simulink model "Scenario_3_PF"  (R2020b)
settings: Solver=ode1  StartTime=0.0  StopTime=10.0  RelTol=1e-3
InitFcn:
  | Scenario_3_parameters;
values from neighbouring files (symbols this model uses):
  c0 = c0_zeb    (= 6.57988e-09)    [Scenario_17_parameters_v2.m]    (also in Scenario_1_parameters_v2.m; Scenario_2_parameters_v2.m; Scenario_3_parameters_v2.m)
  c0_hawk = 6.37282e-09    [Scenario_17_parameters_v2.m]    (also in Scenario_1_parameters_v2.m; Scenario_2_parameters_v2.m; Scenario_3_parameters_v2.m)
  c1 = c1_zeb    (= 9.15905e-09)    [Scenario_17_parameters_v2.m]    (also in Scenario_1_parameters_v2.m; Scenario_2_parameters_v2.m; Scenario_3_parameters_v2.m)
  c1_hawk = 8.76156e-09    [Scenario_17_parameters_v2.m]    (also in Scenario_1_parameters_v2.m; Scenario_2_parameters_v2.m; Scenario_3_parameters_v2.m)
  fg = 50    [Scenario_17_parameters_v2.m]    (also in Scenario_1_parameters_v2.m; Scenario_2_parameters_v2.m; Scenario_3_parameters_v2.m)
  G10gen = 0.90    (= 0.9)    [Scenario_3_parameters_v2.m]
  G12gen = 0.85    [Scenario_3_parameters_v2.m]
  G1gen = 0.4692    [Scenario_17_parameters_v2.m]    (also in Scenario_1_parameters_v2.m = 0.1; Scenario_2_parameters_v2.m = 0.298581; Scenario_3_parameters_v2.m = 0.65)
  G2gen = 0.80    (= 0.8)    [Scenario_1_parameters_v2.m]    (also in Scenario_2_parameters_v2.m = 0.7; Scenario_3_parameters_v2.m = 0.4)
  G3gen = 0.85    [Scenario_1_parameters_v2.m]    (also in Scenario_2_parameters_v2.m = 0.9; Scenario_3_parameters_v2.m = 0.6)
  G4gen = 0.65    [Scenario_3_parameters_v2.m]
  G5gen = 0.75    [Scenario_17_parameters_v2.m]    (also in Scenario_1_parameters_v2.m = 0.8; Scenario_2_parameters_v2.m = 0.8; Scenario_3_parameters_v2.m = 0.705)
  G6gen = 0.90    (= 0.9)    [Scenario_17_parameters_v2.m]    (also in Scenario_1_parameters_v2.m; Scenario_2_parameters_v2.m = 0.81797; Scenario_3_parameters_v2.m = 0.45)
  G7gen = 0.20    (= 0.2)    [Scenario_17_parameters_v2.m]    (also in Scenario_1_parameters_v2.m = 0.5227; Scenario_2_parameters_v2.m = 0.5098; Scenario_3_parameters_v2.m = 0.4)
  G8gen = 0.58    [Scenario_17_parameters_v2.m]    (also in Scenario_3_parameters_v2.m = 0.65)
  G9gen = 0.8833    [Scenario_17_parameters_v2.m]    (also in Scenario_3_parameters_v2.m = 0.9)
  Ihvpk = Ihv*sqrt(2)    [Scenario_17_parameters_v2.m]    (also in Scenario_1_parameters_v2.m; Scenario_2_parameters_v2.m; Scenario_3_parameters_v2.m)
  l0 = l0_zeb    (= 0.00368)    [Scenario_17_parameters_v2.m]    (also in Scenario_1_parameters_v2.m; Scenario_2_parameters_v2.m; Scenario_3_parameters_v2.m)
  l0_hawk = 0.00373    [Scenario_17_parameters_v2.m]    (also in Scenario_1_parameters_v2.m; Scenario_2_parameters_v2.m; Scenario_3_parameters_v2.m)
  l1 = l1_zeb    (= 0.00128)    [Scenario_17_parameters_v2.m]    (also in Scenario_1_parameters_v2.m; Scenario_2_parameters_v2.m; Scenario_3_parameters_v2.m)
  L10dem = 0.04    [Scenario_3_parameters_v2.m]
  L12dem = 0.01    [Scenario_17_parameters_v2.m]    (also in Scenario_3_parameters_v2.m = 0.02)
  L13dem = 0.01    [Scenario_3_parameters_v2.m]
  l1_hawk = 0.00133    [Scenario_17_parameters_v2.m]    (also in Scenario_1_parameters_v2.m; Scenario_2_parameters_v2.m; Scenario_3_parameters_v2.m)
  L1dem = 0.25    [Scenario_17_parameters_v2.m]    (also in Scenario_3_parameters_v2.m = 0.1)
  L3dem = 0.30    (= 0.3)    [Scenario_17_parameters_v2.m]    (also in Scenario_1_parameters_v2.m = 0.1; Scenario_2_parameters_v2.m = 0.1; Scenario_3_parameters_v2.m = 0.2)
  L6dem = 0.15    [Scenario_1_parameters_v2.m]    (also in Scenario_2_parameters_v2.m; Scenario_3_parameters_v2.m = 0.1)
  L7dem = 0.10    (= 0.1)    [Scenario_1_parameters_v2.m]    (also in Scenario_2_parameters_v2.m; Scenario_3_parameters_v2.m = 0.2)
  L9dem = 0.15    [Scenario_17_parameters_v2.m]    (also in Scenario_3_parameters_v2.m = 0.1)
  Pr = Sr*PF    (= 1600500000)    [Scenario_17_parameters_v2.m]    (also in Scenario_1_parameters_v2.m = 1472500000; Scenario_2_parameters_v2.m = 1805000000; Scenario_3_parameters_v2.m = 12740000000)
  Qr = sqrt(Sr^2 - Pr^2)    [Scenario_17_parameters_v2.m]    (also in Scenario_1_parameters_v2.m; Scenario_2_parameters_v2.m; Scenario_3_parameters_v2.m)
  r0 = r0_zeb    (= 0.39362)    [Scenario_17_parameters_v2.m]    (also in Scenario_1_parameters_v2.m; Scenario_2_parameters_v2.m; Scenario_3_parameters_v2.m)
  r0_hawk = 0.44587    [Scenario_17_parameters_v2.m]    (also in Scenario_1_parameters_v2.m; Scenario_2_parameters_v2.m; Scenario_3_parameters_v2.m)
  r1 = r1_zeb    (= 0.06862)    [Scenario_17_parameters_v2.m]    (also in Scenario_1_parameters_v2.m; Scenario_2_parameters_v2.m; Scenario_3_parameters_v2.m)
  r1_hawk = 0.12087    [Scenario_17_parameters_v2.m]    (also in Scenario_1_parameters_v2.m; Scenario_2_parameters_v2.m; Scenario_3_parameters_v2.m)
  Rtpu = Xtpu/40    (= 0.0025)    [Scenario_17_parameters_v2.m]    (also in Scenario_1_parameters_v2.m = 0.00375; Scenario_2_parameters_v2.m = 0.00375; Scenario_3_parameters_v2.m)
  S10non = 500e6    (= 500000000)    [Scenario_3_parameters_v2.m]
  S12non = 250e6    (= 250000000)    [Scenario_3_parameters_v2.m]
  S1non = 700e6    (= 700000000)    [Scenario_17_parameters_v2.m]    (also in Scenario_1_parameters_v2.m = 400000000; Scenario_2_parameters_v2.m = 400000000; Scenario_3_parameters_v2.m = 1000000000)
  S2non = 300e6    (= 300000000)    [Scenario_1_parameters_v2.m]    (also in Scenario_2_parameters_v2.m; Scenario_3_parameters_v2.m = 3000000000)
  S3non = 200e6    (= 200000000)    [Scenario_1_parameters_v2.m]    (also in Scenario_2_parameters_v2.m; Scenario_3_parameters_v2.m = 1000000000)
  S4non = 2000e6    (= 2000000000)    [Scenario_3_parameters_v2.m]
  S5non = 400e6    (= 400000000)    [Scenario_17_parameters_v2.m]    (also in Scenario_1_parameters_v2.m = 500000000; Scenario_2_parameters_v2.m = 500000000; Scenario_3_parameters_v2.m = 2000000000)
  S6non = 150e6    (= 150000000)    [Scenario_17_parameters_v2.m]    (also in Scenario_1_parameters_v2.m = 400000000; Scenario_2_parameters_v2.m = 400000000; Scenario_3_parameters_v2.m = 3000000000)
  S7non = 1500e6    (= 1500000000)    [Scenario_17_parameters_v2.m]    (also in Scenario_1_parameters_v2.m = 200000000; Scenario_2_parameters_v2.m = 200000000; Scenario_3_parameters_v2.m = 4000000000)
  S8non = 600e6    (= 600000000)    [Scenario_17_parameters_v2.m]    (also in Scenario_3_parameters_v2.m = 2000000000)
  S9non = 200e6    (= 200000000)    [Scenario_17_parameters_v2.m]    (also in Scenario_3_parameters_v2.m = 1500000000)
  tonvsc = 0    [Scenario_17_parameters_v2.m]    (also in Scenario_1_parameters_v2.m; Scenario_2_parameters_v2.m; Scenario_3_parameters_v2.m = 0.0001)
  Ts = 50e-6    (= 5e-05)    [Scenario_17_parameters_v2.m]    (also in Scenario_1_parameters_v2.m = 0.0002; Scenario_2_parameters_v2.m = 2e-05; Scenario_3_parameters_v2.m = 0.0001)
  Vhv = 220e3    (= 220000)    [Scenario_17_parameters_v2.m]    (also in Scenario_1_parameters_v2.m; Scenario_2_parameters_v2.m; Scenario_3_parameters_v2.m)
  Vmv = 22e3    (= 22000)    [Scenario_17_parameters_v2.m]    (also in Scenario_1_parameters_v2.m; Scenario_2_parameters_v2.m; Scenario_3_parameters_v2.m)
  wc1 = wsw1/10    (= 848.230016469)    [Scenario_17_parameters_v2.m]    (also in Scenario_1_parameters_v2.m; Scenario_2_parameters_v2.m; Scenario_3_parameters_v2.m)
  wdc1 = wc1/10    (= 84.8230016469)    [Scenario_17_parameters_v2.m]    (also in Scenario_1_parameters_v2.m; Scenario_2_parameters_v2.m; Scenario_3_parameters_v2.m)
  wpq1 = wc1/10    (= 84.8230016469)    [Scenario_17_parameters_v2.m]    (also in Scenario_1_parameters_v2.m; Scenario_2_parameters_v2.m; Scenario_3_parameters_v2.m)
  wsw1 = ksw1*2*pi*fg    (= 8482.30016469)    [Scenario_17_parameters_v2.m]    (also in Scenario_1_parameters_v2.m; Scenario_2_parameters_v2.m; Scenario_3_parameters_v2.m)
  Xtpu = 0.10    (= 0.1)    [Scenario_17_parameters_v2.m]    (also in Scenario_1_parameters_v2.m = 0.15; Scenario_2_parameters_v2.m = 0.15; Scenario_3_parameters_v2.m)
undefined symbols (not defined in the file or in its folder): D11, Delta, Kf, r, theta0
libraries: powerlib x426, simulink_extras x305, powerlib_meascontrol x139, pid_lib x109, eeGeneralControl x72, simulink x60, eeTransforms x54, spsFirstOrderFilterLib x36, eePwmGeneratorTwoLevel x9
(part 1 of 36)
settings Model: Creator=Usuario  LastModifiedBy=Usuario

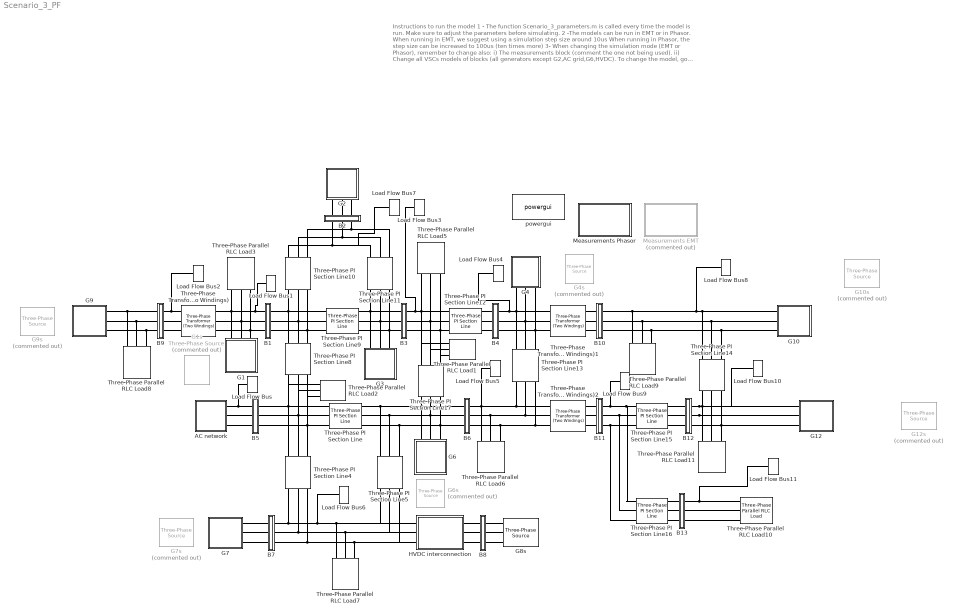
== system Scenario_3_PF ==
  note: Instructions to run the model
      |
      | 1 - The function Scenario_3_parameters.m is called every time the model is run. Make sure to adjust the parameters before simulating.
      | 2 -The models can be run in EMT or in Phasor.
      | 	When running in EMT, we suggest using a simulation step size around 10us
      | 	When running in Phasor, the step size can be increased to 100us (ten times more)
      | 3- When changing the simulation mode (EMT or Phasor), remember to change also:
      | 	i) The measurements block (comment the one not being used).
      | 	ii) Change all VSCs models of blocks (all generators except G2,AC grid,G6,HVDC).
      | 	    To change the model, go to the block VSC and choose one model of droplist under the parameter 'VSC model'
      | 	    We recommend the model AVG model for EMT and the I-ref model for Phasor.
      | 4- The synchronous generators were initialized using power flow to have a near-flat initialization.
      |      As the VSCs are not standard blocks in Simulink, they are not considered in the power flow.
      |     To consider them, connect the voltage source in their place and run the power flow. Then, substitute by the VSCs.
  AC network : Subsystem
      mask Display:
      | disp('SG')
      | %x = [0:0.001:1];
      | %y = 0.2*sin(10*x) + 0.5;
      | %plot(x,y)
  B1 : Subsystem
  B10 : Subsystem
  B11 : Subsystem
  B12 : Subsystem
  B13 : Subsystem
  B2 : Subsystem
  B3 : Subsystem
  B4 : Subsystem
  B5 : Subsystem
  B6 : Subsystem
  B7 : Subsystem
  B8 : Subsystem
  B9 : Subsystem
  G1 : Subsystem
  G10 : Subsystem
  G10s : powerlib/Electrical Sources/Three-Phase Source  Commented=on  InternalConnection=Yg  VoltagePhases=off  Voltage=Vmv  PhaseAngle=-8.2202  Voltage_phases=[25e3 25e3 25e3]/sqrt(3)  PhaseAngles_phases=[0 -120 +120]  Frequency=fg  NonIdealSource=on  SpecifyImpedance=off  Resistance=0.0036  Inductance=4.6219e-04  ShortCircuitLevel=100e6  BaseVoltage=Vmv  XRratio=7  BusType=PV  Pref=S10non*G10gen  Qref=0  Prefabc=[10e3, 10e3, 10e3]  Qrefabc=[0, 0, 0]  Qmin=-inf  Qmax=inf
  G12 : Subsystem
  G12s : powerlib/Electrical Sources/Three-Phase Source  Commented=on  InternalConnection=Yg  VoltagePhases=off  Voltage=Vmv  PhaseAngle=-8.2202  Voltage_phases=[25e3 25e3 25e3]/sqrt(3)  PhaseAngles_phases=[0 -120 +120]  Frequency=fg  NonIdealSource=on  SpecifyImpedance=off  Resistance=0.0012  Inductance=1.5406e-04  ShortCircuitLevel=100e6  BaseVoltage=Vmv  XRratio=7  BusType=PV  Pref=S12non*G12gen  Qref=0  Prefabc=[10e3, 10e3, 10e3]  Qrefabc=[0, 0, 0]  Qmin=-inf  Qmax=inf
  G1s : powerlib/Electrical Sources/Three-Phase Source  Commented=on  InternalConnection=Yg  VoltagePhases=off  Voltage=(220000)*1.15627  PhaseAngle=-32.4209  Voltage_phases=[25e3 25e3 25e3]/sqrt(3)  PhaseAngles_phases=[0 -120 +120]  Frequency=fg  NonIdealSource=on  SpecifyImpedance=off  Resistance=0.1815  Inductance=0.0231  ShortCircuitLevel=100e6  BaseVoltage=Vhv  XRratio=7  BusType=PV  Pref=S1non*G1gen  Qref=0  Prefabc=[10e3, 10e3, 10e3]  Qrefabc=[0, 0, 0]  Qmin=-inf  Qmax=inf
  G2 : Subsystem
      mask Display: disp('SG')
  G3 : Subsystem
      mask Display:
      | disp('SG')
      | %x = [0:0.001:1];
      | %y = 0.2*sin(10*x) + 0.5;
      | %plot(x,y)
  G4 : Subsystem
  G4s : powerlib/Electrical Sources/Three-Phase Source  Commented=on  InternalConnection=Yg  VoltagePhases=off  Voltage=(220000)*1.03369  PhaseAngle=34.3009  Voltage_phases=[25e3 25e3 25e3]/sqrt(3)  PhaseAngles_phases=[0 -120 +120]  Frequency=fg  NonIdealSource=on  SpecifyImpedance=off  Resistance=0.0907  Inductance=0.0116  ShortCircuitLevel=100e6  BaseVoltage=Vhv  XRratio=7  BusType=PV  Pref=S4non*G4gen  Qref=0  Prefabc=[10e3, 10e3, 10e3]  Qrefabc=[0, 0, 0]  Qmin=-inf  Qmax=inf
  G6 : Subsystem
  G6s : powerlib/Electrical Sources/Three-Phase Source  Commented=on  InternalConnection=Yg  VoltagePhases=off  Voltage=(220000)*1.04844  PhaseAngle=25.567  Voltage_phases=[25e3 25e3 25e3]/sqrt(3)  PhaseAngles_phases=[0 -120 +120]  Frequency=fg  NonIdealSource=on  SpecifyImpedance=off  Resistance=0.0605  Inductance=0.0077  ShortCircuitLevel=100e6  BaseVoltage=Vhv  XRratio=7  BusType=PV  Pref=S6non*G6gen  Qref=0  Prefabc=[10e3, 10e3, 10e3]  Qrefabc=[0, 0, 0]  Qmin=-inf  Qmax=inf
  G7 : Subsystem
  G7s : powerlib/Electrical Sources/Three-Phase Source  Commented=on  InternalConnection=Yg  VoltagePhases=off  Voltage=(220000)*1.02099  PhaseAngle=19.4593  Voltage_phases=[25e3 25e3 25e3]/sqrt(3)  PhaseAngles_phases=[0 -120 +120]  Frequency=fg  NonIdealSource=on  SpecifyImpedance=off  Resistance=0.0454  Inductance=0.0058  ShortCircuitLevel=100e6  BaseVoltage=Vhv  XRratio=7  BusType=PV  Pref=S7non*G7gen  Qref=0  Prefabc=[10e3, 10e3, 10e3]  Qrefabc=[0, 0, 0]  Qmin=-inf  Qmax=inf
  G8s : powerlib/Electrical Sources/Three-Phase Source  InternalConnection=Yg  VoltagePhases=off  Voltage=Vhv  PhaseAngle=0  Voltage_phases=[25e3 25e3 25e3]/sqrt(3)  PhaseAngles_phases=[0 -120 +120]  Frequency=fg  NonIdealSource=on  SpecifyImpedance=off  Resistance=0.0907  Inductance=0.0116  ShortCircuitLevel=100e6  BaseVoltage=Vhv  XRratio=7  BusType=PV  Pref=S8non*G8gen  Qref=0  Prefabc=[10e3, 10e3, 10e3]  Qrefabc=[0, 0, 0]  Qmin=-inf  Qmax=inf
  G9 : Subsystem
  G9s : powerlib/Electrical Sources/Three-Phase Source  Commented=on  InternalConnection=Yg  VoltagePhases=off  Voltage=(22000)*1.0541  PhaseAngle=-34.6795  Voltage_phases=[25e3 25e3 25e3]/sqrt(3)  PhaseAngles_phases=[0 -120 +120]  Frequency=fg  NonIdealSource=on  SpecifyImpedance=off  Resistance=0.0012  Inductance=1.5406e-04  ShortCircuitLevel=100e6  BaseVoltage=Vmv  XRratio=7  BusType=PV  Pref=S9non*G9gen  Qref=0  Prefabc=[10e3, 10e3, 10e3]  Qrefabc=[0, 0, 0]  Qmin=-inf  Qmax=inf
  HVDC interconnection : Subsystem
  Load Flow Bus : powerlib/Measurements/Load Flow Bus  LConnTagsString=a  Phases=single  Connectors=on one side  ID=BUS_5  Vbase=Vhv  Vref=1  Vangle=0  VLF=1.006  VLFb=1  VLFc=1  angleLF=-24.79  angleLFb=0  angleLFc=0
  Load Flow Bus1 : powerlib/Measurements/Load Flow Bus  LConnTagsString=a  Phases=single  Connectors=on one side  ID=BUS_1  Vbase=Vhv  Vref=1  Vangle=0  VLF=1  VLFb=1  VLFc=1  angleLF=-35.58  angleLFb=0  angleLFc=0
  Load Flow Bus10 : powerlib/Measurements/Load Flow Bus  LConnTagsString=a  Phases=single  Connectors=on one side  ID=BUS_12  Vbase=Vmv  Vref=1  Vangle=0  VLF=0.06031  VLFb=1  VLFc=1  angleLF=-140.6  angleLFb=0  angleLFc=0
  Load Flow Bus11 : powerlib/Measurements/Load Flow Bus  LConnTagsString=a  Phases=single  Connectors=on one side  ID=BUS_13  Vbase=Vmv  Vref=1  Vangle=0  VLF=0.05913  VLFb=1  VLFc=1  angleLF=-127.7  angleLFb=0  angleLFc=0
  Load Flow Bus2 : powerlib/Measurements/Load Flow Bus  LConnTagsString=a  Phases=single  Connectors=on one side  ID=BUS_9  Vbase=Vmv  Vref=1  Vangle=0  VLF=1  VLFb=1  VLFc=1  angleLF=-39.1  angleLFb=0  angleLFc=0
  Load Flow Bus3 : powerlib/Measurements/Load Flow Bus  LConnTagsString=a  Phases=single  Connectors=on one side  ID=BUS_3  Vbase=Vhv  Vref=1  Vangle=0  VLF=0.9499  VLFb=1  VLFc=1  angleLF=-5.136  angleLFb=0  angleLFc=0
  Load Flow Bus4 : powerlib/Measurements/Load Flow Bus  LConnTagsString=a  Phases=single  Connectors=on one side  ID=BUS_4  Vbase=Vhv  Vref=1  Vangle=0  VLF=1  VLFb=1  VLFc=1  angleLF=26.37  angleLFb=0  angleLFc=0
  Load Flow Bus5 : powerlib/Measurements/Load Flow Bus  LConnTagsString=a  Phases=single  Connectors=on one side  ID=BUS_6  Vbase=Vhv  Vref=1  Vangle=0  VLF=1  VLFb=1  VLFc=1  angleLF=17.81  angleLFb=0  angleLFc=0
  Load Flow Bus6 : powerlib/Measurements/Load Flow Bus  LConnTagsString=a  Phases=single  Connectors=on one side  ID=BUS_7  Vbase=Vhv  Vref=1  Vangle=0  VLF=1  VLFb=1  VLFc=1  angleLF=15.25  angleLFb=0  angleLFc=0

BRIEF. Copy only this part of the entries above: the line with "G9 : Subsystem", the line with "Load Flow Bus : powerlib/Measurements/Load", and the lines between, all exactly as written.

EXPECTED ANSWER.
  G9 : Subsystem
  G9s : powerlib/Electrical Sources/Three-Phase Source  Commented=on  InternalConnection=Yg  VoltagePhases=off  Voltage=(22000)*1.0541  PhaseAngle=-34.6795  Voltage_phases=[25e3 25e3 25e3]/sqrt(3)  PhaseAngles_phases=[0 -120 +120]  Frequency=fg  NonIdealSource=on  SpecifyImpedance=off  Resistance=0.0012  Inductance=1.5406e-04  ShortCircuitLevel=100e6  BaseVoltage=Vmv  XRratio=7  BusType=PV  Pref=S9non*G9gen  Qref=0  Prefabc=[10e3, 10e3, 10e3]  Qrefabc=[0, 0, 0]  Qmin=-inf  Qmax=inf
  HVDC interconnection : Subsystem
  Load Flow Bus : powerlib/Measurements/Load Flow Bus  LConnTagsString=a  Phases=single  Connectors=on one side  ID=BUS_5  Vbase=Vhv  Vref=1  Vangle=0  VLF=1.006  VLFb=1  VLFc=1  angleLF=-24.79  angleLFb=0  angleLFc=0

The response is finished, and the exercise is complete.